### Work instructions
In the data below, find the line containing "(-11.76, -5.12)], flags=0)"; reproduce that line and all subsequent lines exactly, and nothing else.

BEGIN Entries supplied

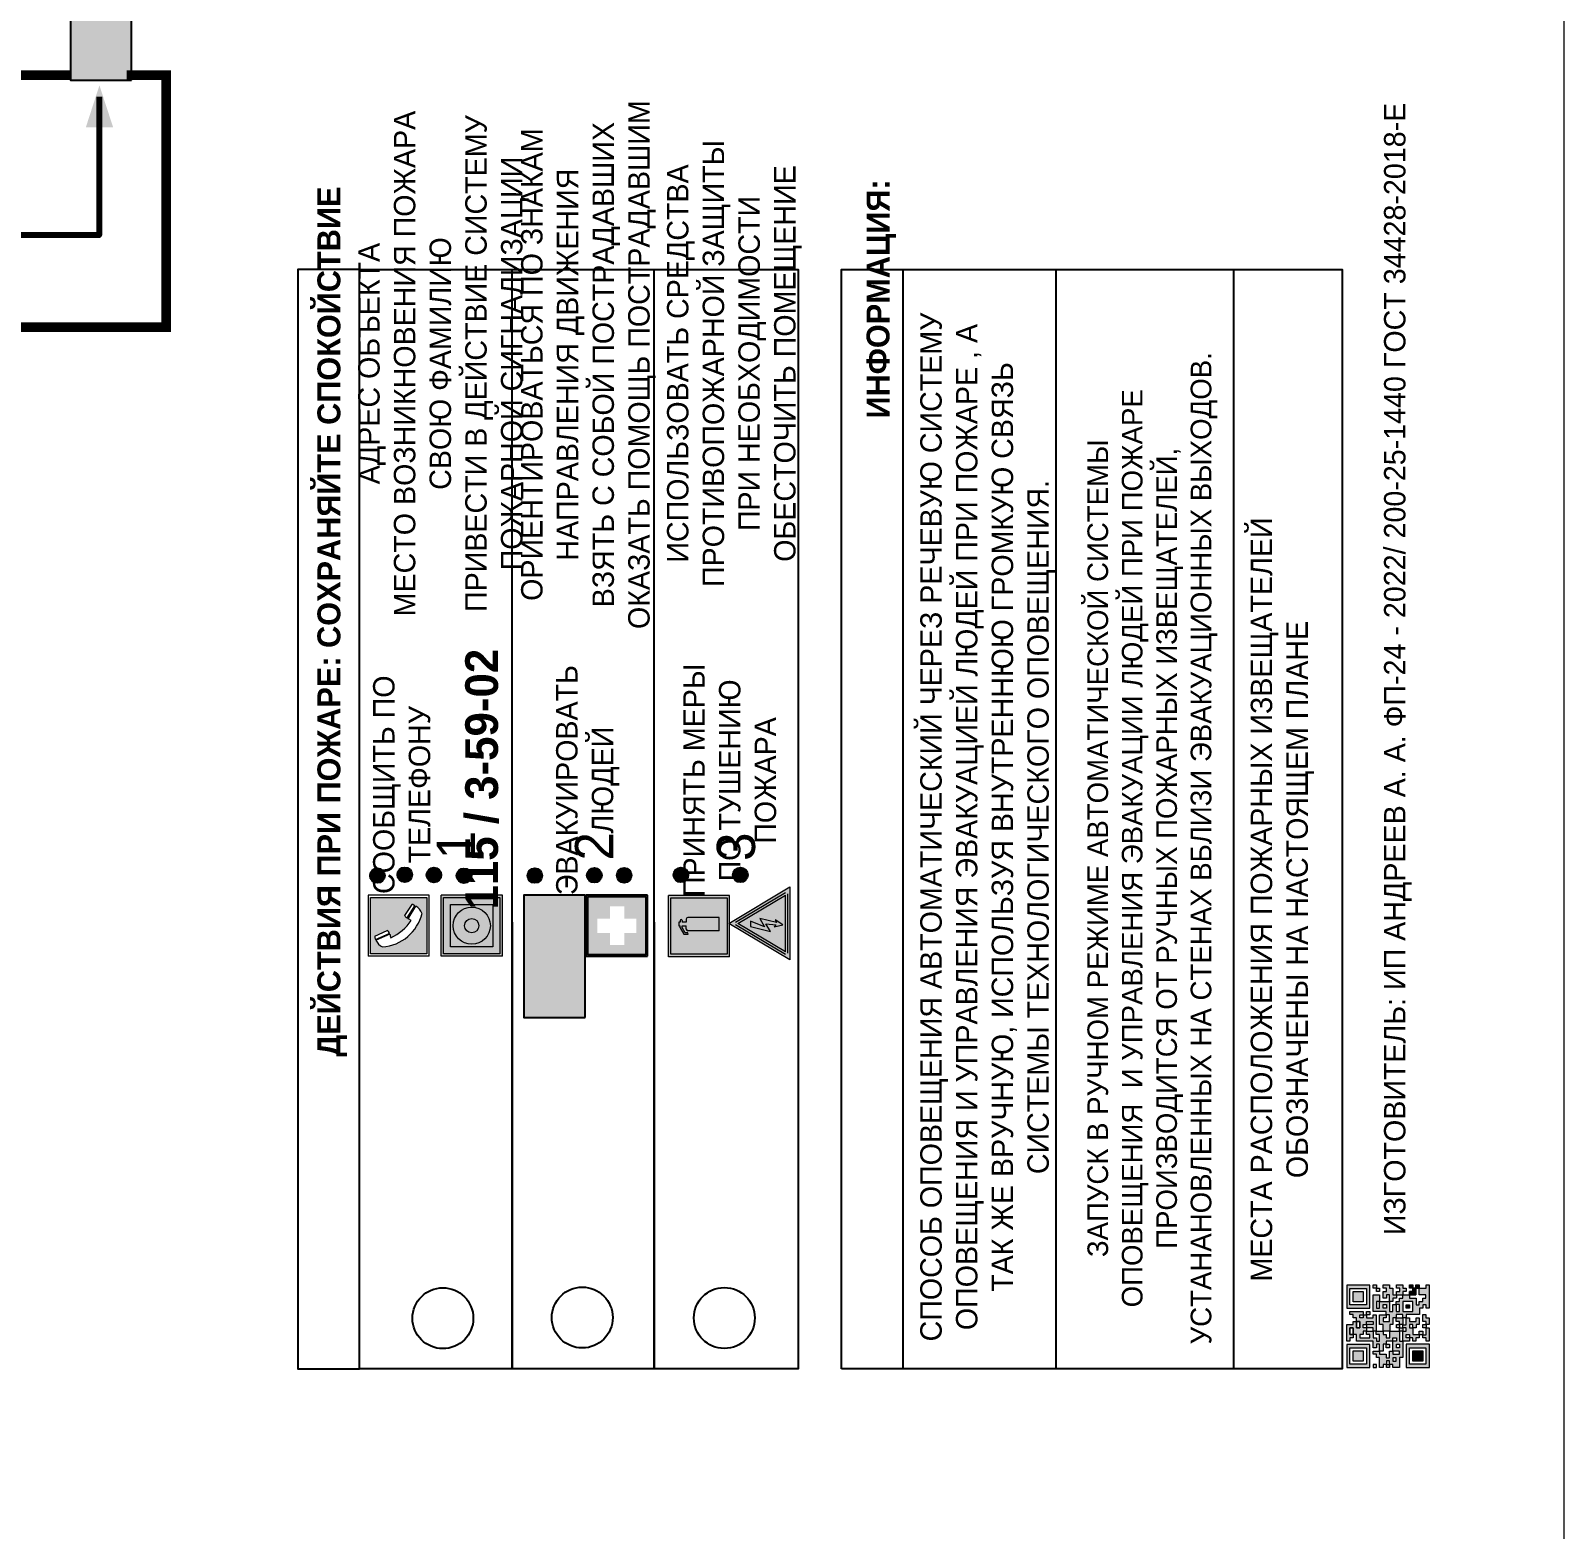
# Model space of a CAD drawing. Header units: millimetres. Extents: x 13114 to 67229, y 22859 to 38520.
# Drawn here: x 21346.1 to 21546.7, y 35961.4 to 36157.4 of the extents above; entities that cross this region are included whole.
import ezdxf

# ---------------------------------------------------------------- set-up
doc = ezdxf.new("R2010")
doc.units = ezdxf.units.MM
doc.layers.add('План_Штампы', color=7, linetype='Continuous')
doc.styles.add('обычный', font='arial.ttf')

# ---------------------------------------------------------------- blocks, each defined once
blk = doc.blocks.new('A$C3E6D3DDE')
at = {"lineweight": 5}
h = blk.add_hatch(color=40, dxfattribs=at)
h.paths.add_polyline_path([(24.1, 1.45), (16.46, -11.35), (31.74, -11.35)])
h.paths.add_polyline_path([(24.09, -0.46), (30.03, -10.41), (18.14, -10.41)], flags=16)
h.paths.add_polyline_path([(24.54, -3.08), (23.41, -6.02), (25.13, -5.01), (24.33, -8.5), (24.82, -8.27), (23.79, -9.86), (23.4, -8.04), (23.8, -8.43), (24.04, -6.29), (22.39, -7.25), (23.44, -3.08)], flags=0)
h = blk.add_hatch(color=256, dxfattribs=at)
h.paths.add_polyline_path([(24.37, 0.03, 0.567511), (23.82, 0.03), (17.59, -10.4, 0.582454), (17.86, -10.88), (30.32, -10.88, 0.582149), (30.6, -10.4)])
h.paths.add_polyline_path([(24.09, -0.46), (18.14, -10.41), (30.03, -10.41)], flags=16)
h.paths.add_polyline_path([(24.54, -3.08), (23.41, -6.02), (25.13, -5.01), (24.33, -8.5), (24.82, -8.27), (23.79, -9.86), (23.4, -8.04), (23.8, -8.43), (24.04, -6.29), (22.39, -7.25), (23.44, -3.08)], flags=0)
h = blk.add_hatch(color=40, dxfattribs=at)
h.paths.add_polyline_path([(24.09, -0.46), (18.14, -10.41), (30.03, -10.41)])
h.paths.add_polyline_path([(24.82, -8.27), (23.79, -9.86), (23.4, -8.04), (23.8, -8.43), (24.04, -6.29), (22.39, -7.25), (23.44, -3.08), (24.54, -3.08), (23.41, -6.02), (25.13, -5.01), (24.33, -8.5)], flags=16)
at = {"color": 40, "lineweight": 5}
for p, q in [((16.46, -11.35), (24.1, 1.45)), ((24.1, 1.45), (31.74, -11.35))]:
    blk.add_line(p, q, dxfattribs=at)
at = {"lineweight": 5}
for p, q in [((17.59, -10.4), (23.82, 0.03)), ((24.37, 0.03), (30.6, -10.4)), ((18.14, -10.41), (24.09, -0.46)), ((23.44, -3.08), (22.39, -7.25)), ((23.41, -6.02), (24.54, -3.08)), ((24.54, -3.08), (23.44, -3.08)), ((24.09, -0.46), (30.03, -10.41)), ((22.39, -7.25), (24.04, -6.29)), ((25.13, -5.01), (23.41, -6.02)), ((24.04, -6.29), (23.8, -8.43)), ((24.33, -8.5), (25.13, -5.01)), ((23.8, -8.43), (23.4, -8.04)), ((23.4, -8.04), (23.79, -9.86)), ((23.79, -9.86), (24.82, -8.27)), ((24.82, -8.27), (24.33, -8.5)), ((17.86, -10.88), (30.32, -10.88)), ((18.14, -10.41), (30.03, -10.41))]:
    blk.add_line(p, q, dxfattribs=at)
at = {"color": 50, "lineweight": 5}
blk.add_line((31.74, -11.35), (16.46, -11.35), dxfattribs=at)
blk = doc.blocks.new('A$C456E1F9C')
at = {"lineweight": 5}
h = blk.add_hatch(color=242, dxfattribs=at)
h.paths.add_polyline_path([(0.51, -1.47), (0.51, -13.26), (12.29, -13.26), (12.29, -1.47)])
h.paths.add_polyline_path([(5.42, -4.95, -0.254479), (4.78, -5.4), (3.52, -2.53, -0.209735), (4.23, -2.4)], flags=16)
h.paths.add_polyline_path([(8.53, -8.6), (10.87, -10.17), (10.54, -10.76), (8.03, -9.13, -0.192251)], flags=16)
h.paths.add_polyline_path([(4.61, -5.49, 0.005518), (3.87, -5.72, 0.128647), (7.49, -10.01, 0.00809), (7.83, -9.33), (10.47, -10.97, -0.16736), (8.99, -12.25, -0.327862), (1.95, -3.95, -0.166952), (3.36, -2.62)], flags=16)
at = {"color": 242, "lineweight": 5}
for p, q in [((0, -13.77), (0, -0.97)), ((12.8, -0.97), (0, -0.97)), ((4.61, -5.49), (3.36, -2.62)), ((3.52, -2.53), (4.78, -5.4)), ((4.23, -2.4), (5.42, -4.95)), ((12.8, -13.77), (12.8, -0.97)), ((7.83, -9.33), (10.47, -10.97)), ((8.03, -9.13), (10.54, -10.76)), ((10.81, -10.12), (8.53, -8.6)), ((10.54, -10.76), (10.8, -10.3)), ((10.8, -10.3), (10.81, -10.12)), ((0, -13.77), (12.8, -13.77))]:
    blk.add_line(p, q, dxfattribs=at)
blk.add_lwpolyline([(0.51, -1.47), (12.29, -1.47), (12.29, -13.26), (0.51, -13.26)], close=True, dxfattribs=at)
for centre, radius, start, end in [((4.59, -5.34), 2.99, 114.2845, 152.1974), ((4.02, -3.27), 0.891, 76.3284, 123.7092), ((11.12, -3.31), 9.19, 183.9915, 256.6009), ((14.98, -39.1), 35.17, 107.1487, 108.4135), ((13.86, -0.94), 11.08, 205.5536, 234.8762), ((4.68, -4.59), 0.824, 276.9621, 334.0723), ((-13.31, 0.8), 23.44, 332.5487, 334.4027), ((8.94, -9.5), 0.989, 114.4092, 157.9388), ((7.87, -9.46), 3, 291.9291, 329.9329)]:
    blk.add_arc(centre, radius, start, end, dxfattribs=at)
blk = doc.blocks.new('A$C54414219')
at = {"true_color": 0xffffff}
h = blk.add_hatch(color=7, dxfattribs=at)
h.paths.add_polyline_path([(2.39, -9.45), (2.39, -18.3), (11.23, -18.3), (11.23, -9.45)], flags=0)
h.paths.add_polyline_path([(10.71, -13.87, -1), (2.92, -13.87, -1)], flags=0)
h.paths.add_polyline_path([(8.3, -13.87, -1), (5.33, -13.87, -1)], flags=0)
h.paths.add_polyline_path([(0.41, -7.47), (0.41, -20.27), (13.21, -20.27), (13.21, -7.47)])
h.paths.add_polyline_path([(0.92, -19.77), (12.71, -19.77), (12.71, -7.98), (0.92, -7.98)], flags=16)
h.paths.add_polyline_path([(11.23, -9.45), (11.23, -18.3), (2.39, -18.3), (2.39, -9.45)], flags=0)
at = {"lineweight": 5}
h = blk.add_hatch(color=242, dxfattribs=at)
h.paths.add_polyline_path([(12.71, -7.98), (0.92, -7.98), (0.92, -19.77), (12.71, -19.77)])
h.paths.add_polyline_path([(11.23, -18.3), (2.39, -18.3), (2.39, -9.45), (11.23, -9.45)], flags=16)
h.paths.add_polyline_path([(10.71, -13.87, -1), (2.92, -13.87, -1)], flags=0)
h.paths.add_polyline_path([(8.3, -13.87, -1), (5.33, -13.87, -1)], flags=0)
at = {"true_color": 0xffffff}
h = blk.add_hatch(color=7, dxfattribs=at)
h.paths.add_polyline_path([(2.39, -9.45), (2.39, -18.3), (11.23, -18.3), (11.23, -9.45)])
h.paths.add_polyline_path([(10.71, -13.87, -1), (2.92, -13.87, -1)], flags=16)
h.paths.add_polyline_path([(8.3, -13.87, -1), (5.33, -13.87, -1)], flags=0)
at = {"lineweight": 5}
h = blk.add_hatch(color=242, dxfattribs=at)
h.paths.add_polyline_path([(2.92, -13.87, 1), (10.71, -13.87, 1)])
h.paths.add_polyline_path([(8.3, -13.87, -1), (5.33, -13.87, -1)], flags=16)
at = {"color": 242, "lineweight": 5}
for p, q in [((0.41, -20.27), (0.41, -7.47)), ((0.41, -7.47), (13.21, -7.47)), ((0.41, -7.47), (13.21, -7.47)), ((13.21, -20.27), (13.21, -7.47)), ((0.41, -20.27), (13.21, -20.27))]:
    blk.add_line(p, q, dxfattribs=at)
for points in [[(0.92, -7.98), (12.71, -7.98), (12.71, -19.77), (0.92, -19.77)], [(2.39, -9.45), (11.23, -9.45), (11.23, -18.3), (2.39, -18.3)]]:
    blk.add_lwpolyline(points, close=True, dxfattribs=at)
for radius in [3.89, 1.49]:
    blk.add_circle((6.81, -13.87), radius, dxfattribs=at)
blk = doc.blocks.new('A$C32E8229D')
at = {"true_color": 0xffffff}
blk.add_hatch(color=7, dxfattribs=at).paths.add_polyline_path([(0, 0), (0, -8), (16, -8), (16, 0)])
h = blk.add_hatch(color=126)
h.paths.add_polyline_path([(0.2, -0.2), (15.8, -0.2), (15.8, -7.8), (0.2, -7.8)])
h.paths.add_polyline_path([(13.49, -2.05), (12.08, -2.05), (11.37, -2.63, 0.162397), (11.29, -2.84), (11.29, -3.63), (10.35, -3.63), (10.35, -4.05), (11.68, -4.05), (11.68, -3.48), (12.26, -4.28), (11.29, -5.1), (11.29, -6.78), (11.85, -6.78), (11.85, -5.44), (12.8, -4.64), (12.8, -5.94), (14.46, -5.94), (14.46, -5.39), (13.45, -5.39), (13.45, -3.97), (12.46, -2.59), (13.15, -2.59), (13.69, -3.34), (14.18, -3)], flags=16)
h.paths.add_polyline_path([(10.74, -1.82, 1), (11.8, -1.82, 1)], flags=16)
h.paths.add_polyline_path([(9.39, -3.59), (5.99, -3.59), (6.56, -3.03), (5.91, -3.03), (5.1, -3.83), (5.91, -4.64), (6.56, -4.64), (5.99, -4.09), (9.39, -4.09)], flags=16)
h.paths.add_polyline_path([(4.29, -1.08), (1.72, -1.08), (1.72, -6.6), (4.29, -6.6)], flags=16)
at = {"color": 126}
blk.add_lwpolyline([(16, -8), (0, -8), (0, 0), (16, 0)], close=True, dxfattribs=at)
blk = doc.blocks.new('A$C18900ED3')
h = blk.add_hatch(color=126)
h.paths.add_polyline_path([(-0.18, -0.18), (-7.02, -0.18), (-7.02, -7.02), (-0.18, -7.02)])
h.paths.add_polyline_path([(-5.89, -4.46), (-5.89, -2.77), (-4.46, -2.77), (-4.46, -1.31), (-2.77, -1.31), (-2.77, -2.77), (-1.33, -2.77), (-1.33, -4.46), (-2.77, -4.46), (-2.77, -5.89), (-4.46, -5.89), (-4.46, -4.46)], flags=16)
at = {"color": 126}
for p, q in [((-7.2, 0), (-7.2, -7.2)), ((0, 0), (-7.2, 0)), ((0, -7.2), (0, 0)), ((-7.02, -7.02), (-7.02, -0.18)), ((-7.02, -0.18), (-0.18, -0.18)), ((-0.18, -0.18), (-0.18, -7.02)), ((-7.2, -7.2), (0, -7.2)), ((-0.18, -7.02), (-7.02, -7.02))]:
    blk.add_line(p, q, dxfattribs=at)
blk = doc.blocks.new('A$C3AD82952')
at = {"true_color": 0xf5f5ff}
h = blk.add_hatch(color=7, dxfattribs=at)
h.dxf.hatch_style = 1
h.paths.add_polyline_path([(8.21, 8.73, 0.414214), (7.89, 9.05), (7.22, 9.05), (7.22, 9.92), (7.59, 9.92, 1), (7.57, 10.36), (7.22, 10.36), (7.22, 10.6), (6.43, 10.6), (6.43, 10.36), (6.01, 10.36), (4.74, 9.59), (4.74, 8.69), (4.98, 8.73), (4.98, 9.26), (6.12, 9.91), (6.43, 9.91), (6.43, 9.05), (5.76, 9.05, 0.414214), (5.44, 8.73), (5.44, 2.2), (8.21, 2.2)], flags=0)
h.paths.add_polyline_path([(12.8, 12.8), (0, 12.8), (0, 0), (12.8, 0)])
h.paths.add_polyline_path([(0.51, 12.29), (12.29, 12.29), (12.29, 0.51), (0.51, 0.51)], flags=16)
h.paths.add_polyline_path([(4.74, 9.59), (6.01, 10.36), (6.43, 10.36), (6.43, 10.6), (7.22, 10.6), (7.22, 10.36), (7.59, 10.36, -0.94586), (7.59, 9.92), (7.22, 9.92), (7.22, 9.05), (7.89, 9.05, -0.414214), (8.21, 8.73), (8.21, 2.2), (5.44, 2.2), (5.44, 8.73, -0.414214), (5.76, 9.05), (6.43, 9.05), (6.43, 9.91), (6.12, 9.91), (4.98, 9.26), (4.98, 8.73), (4.74, 8.69)], flags=0)
h = blk.add_hatch(color=242)
h.dxf.hatch_style = 1
h.paths.add_polyline_path([(12.29, 12.29), (0.51, 12.29), (0.51, 0.51), (12.29, 0.51)])
h.paths.add_polyline_path([(4.74, 8.69), (4.74, 9.59), (6.01, 10.36), (6.43, 10.36), (6.43, 10.6), (7.22, 10.6), (7.22, 10.36), (7.59, 10.36, -0.94586), (7.59, 9.92), (7.22, 9.92), (7.22, 9.05), (7.89, 9.05, -0.414214), (8.21, 8.73), (8.21, 2.2), (5.44, 2.2), (5.44, 8.73, -0.414214), (5.76, 9.05), (6.43, 9.05), (6.43, 9.91), (6.12, 9.91), (4.98, 9.26), (4.98, 8.73)], flags=16)
h = blk.add_hatch(color=7, dxfattribs=at)
h.dxf.hatch_style = 1
h.paths.add_polyline_path([(8.21, 8.73, 0.414214), (7.89, 9.05), (7.22, 9.05), (7.22, 9.92), (7.59, 9.92, 1), (7.57, 10.36), (7.22, 10.36), (7.22, 10.6), (6.43, 10.6), (6.43, 10.36), (6.01, 10.36), (4.74, 9.59), (4.74, 8.69), (4.98, 8.73), (4.98, 9.26), (6.12, 9.91), (6.43, 9.91), (6.43, 9.05), (5.76, 9.05, 0.414214), (5.44, 8.73), (5.44, 2.2), (8.21, 2.2)])
at = {"color": 242, "lineweight": 5}
for p, q in [((0, 0), (0, 12.8)), ((0, 12.8), (12.8, 12.8)), ((6.01, 10.36), (4.74, 9.59)), ((4.98, 9.26), (6.12, 9.91)), ((6.01, 10.36), (6.43, 10.36)), ((6.12, 9.91), (6.43, 9.91)), ((7.22, 10.6), (6.43, 10.6)), ((6.43, 10.6), (6.43, 10.36)), ((6.43, 9.91), (6.43, 9.05)), ((7.22, 10.36), (7.22, 10.6)), ((7.59, 10.36), (7.22, 10.36)), ((7.22, 9.05), (7.22, 9.92)), ((7.59, 9.92), (7.22, 9.92)), ((12.8, 0), (12.8, 12.8)), ((4.74, 9.59), (4.74, 8.69)), ((4.74, 8.69), (4.98, 8.73)), ((4.98, 8.73), (4.98, 9.26)), ((5.44, 2.2), (5.44, 8.73)), ((5.76, 9.05), (6.43, 9.05)), ((7.89, 9.05), (7.22, 9.05)), ((8.21, 2.2), (8.21, 8.73)), ((0, 0), (12.8, 0)), ((5.44, 2.2), (8.21, 2.2))]:
    blk.add_line(p, q, dxfattribs=at)
blk.add_lwpolyline([(0.51, 12.29), (12.29, 12.29), (12.29, 0.51), (0.51, 0.51)], close=True, dxfattribs=at)
for centre, radius, start, end in [((7.58, 10.14), 0.223, 273.1875, 86.8125), ((5.76, 8.73), 0.32, 90, 180), ((7.89, 8.73), 0.32, 0, 90)]:
    blk.add_arc(centre, radius, start, end, dxfattribs=at)
blk = doc.blocks.new('A$C7B4425F7')
at = {"true_color": 0xffffff}
blk.add_hatch(color=7, dxfattribs=at).paths.add_polyline_path([(0, 0), (-16, 0), (-16, -8), (0, -8)])
h = blk.add_hatch(color=126)
h.paths.add_polyline_path([(-0.2, -0.2), (-15.8, -0.2), (-15.8, -7.8), (-0.2, -7.8)])
h.paths.add_polyline_path([(-11.76, -2.03), (-11.76, -3.66), (-11.17, -3.66, -0.568275), (-11.17, -6.18), (-12.58, -6.18), (-12.58, -2.03)], flags=16)
h.paths.add_polyline_path([(-13.33, -4.12, -0.495768), (-13.59, -6.18), (-15.03, -6.18), (-15.03, -2.03), (-13.59, -2.03, -0.487973)], flags=16)
h.paths.add_polyline_path([(-10.25, -2.03), (-9.48, -2.03), (-9.48, -6.18), (-10.25, -6.18)], flags=16)
h.paths.add_polyline_path([(-13.84, -3.69), (-14.24, -3.69), (-14.24, -3.03), (-13.9, -3.03, -0.692621)], flags=0)
h.paths.add_polyline_path([(-9.15, -2.03), (-8.4, -2.03), (-8.04, -3.07), (-7.68, -2.03), (-6.93, -2.03), (-7.64, -4.1), (-6.93, -6.18), (-7.68, -6.18), (-8.04, -5.14), (-8.4, -6.18), (-9.15, -6.18), (-8.44, -4.1)], flags=16)
h.paths.add_polyline_path([(-11.76, -4.46), (-11.42, -4.46, -0.692621), (-11.36, -5.12), (-11.76, -5.12)], flags=0)
h.paths.add_polyline_path([(-13.9, -5.2), (-14.24, -5.2), (-14.24, -4.55), (-13.84, -4.55, -0.708038)], flags=0)
edge = h.paths.add_edge_path(flags=16)
edge.add_ellipse((-5.51, -4.08), major_axis=(0, 2.05), ratio=0.586184, start_angle=0, end_angle=360)
edge = h.paths.add_edge_path(flags=0)
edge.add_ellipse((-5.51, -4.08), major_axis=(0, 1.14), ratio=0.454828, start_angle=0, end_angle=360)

END Entries supplied

### Your solution
h.paths.add_polyline_path([(-11.76, -4.46), (-11.42, -4.46, -0.692621), (-11.36, -5.12), (-11.76, -5.12)], flags=0)
h.paths.add_polyline_path([(-13.9, -5.2), (-14.24, -5.2), (-14.24, -4.55), (-13.84, -4.55, -0.708038)], flags=0)
edge = h.paths.add_edge_path(flags=16)
edge.add_ellipse((-5.51, -4.08), major_axis=(0, 2.05), ratio=0.586184, start_angle=0, end_angle=360)
edge = h.paths.add_edge_path(flags=0)
edge.add_ellipse((-5.51, -4.08), major_axis=(0, 1.14), ratio=0.454828, start_angle=0, end_angle=360)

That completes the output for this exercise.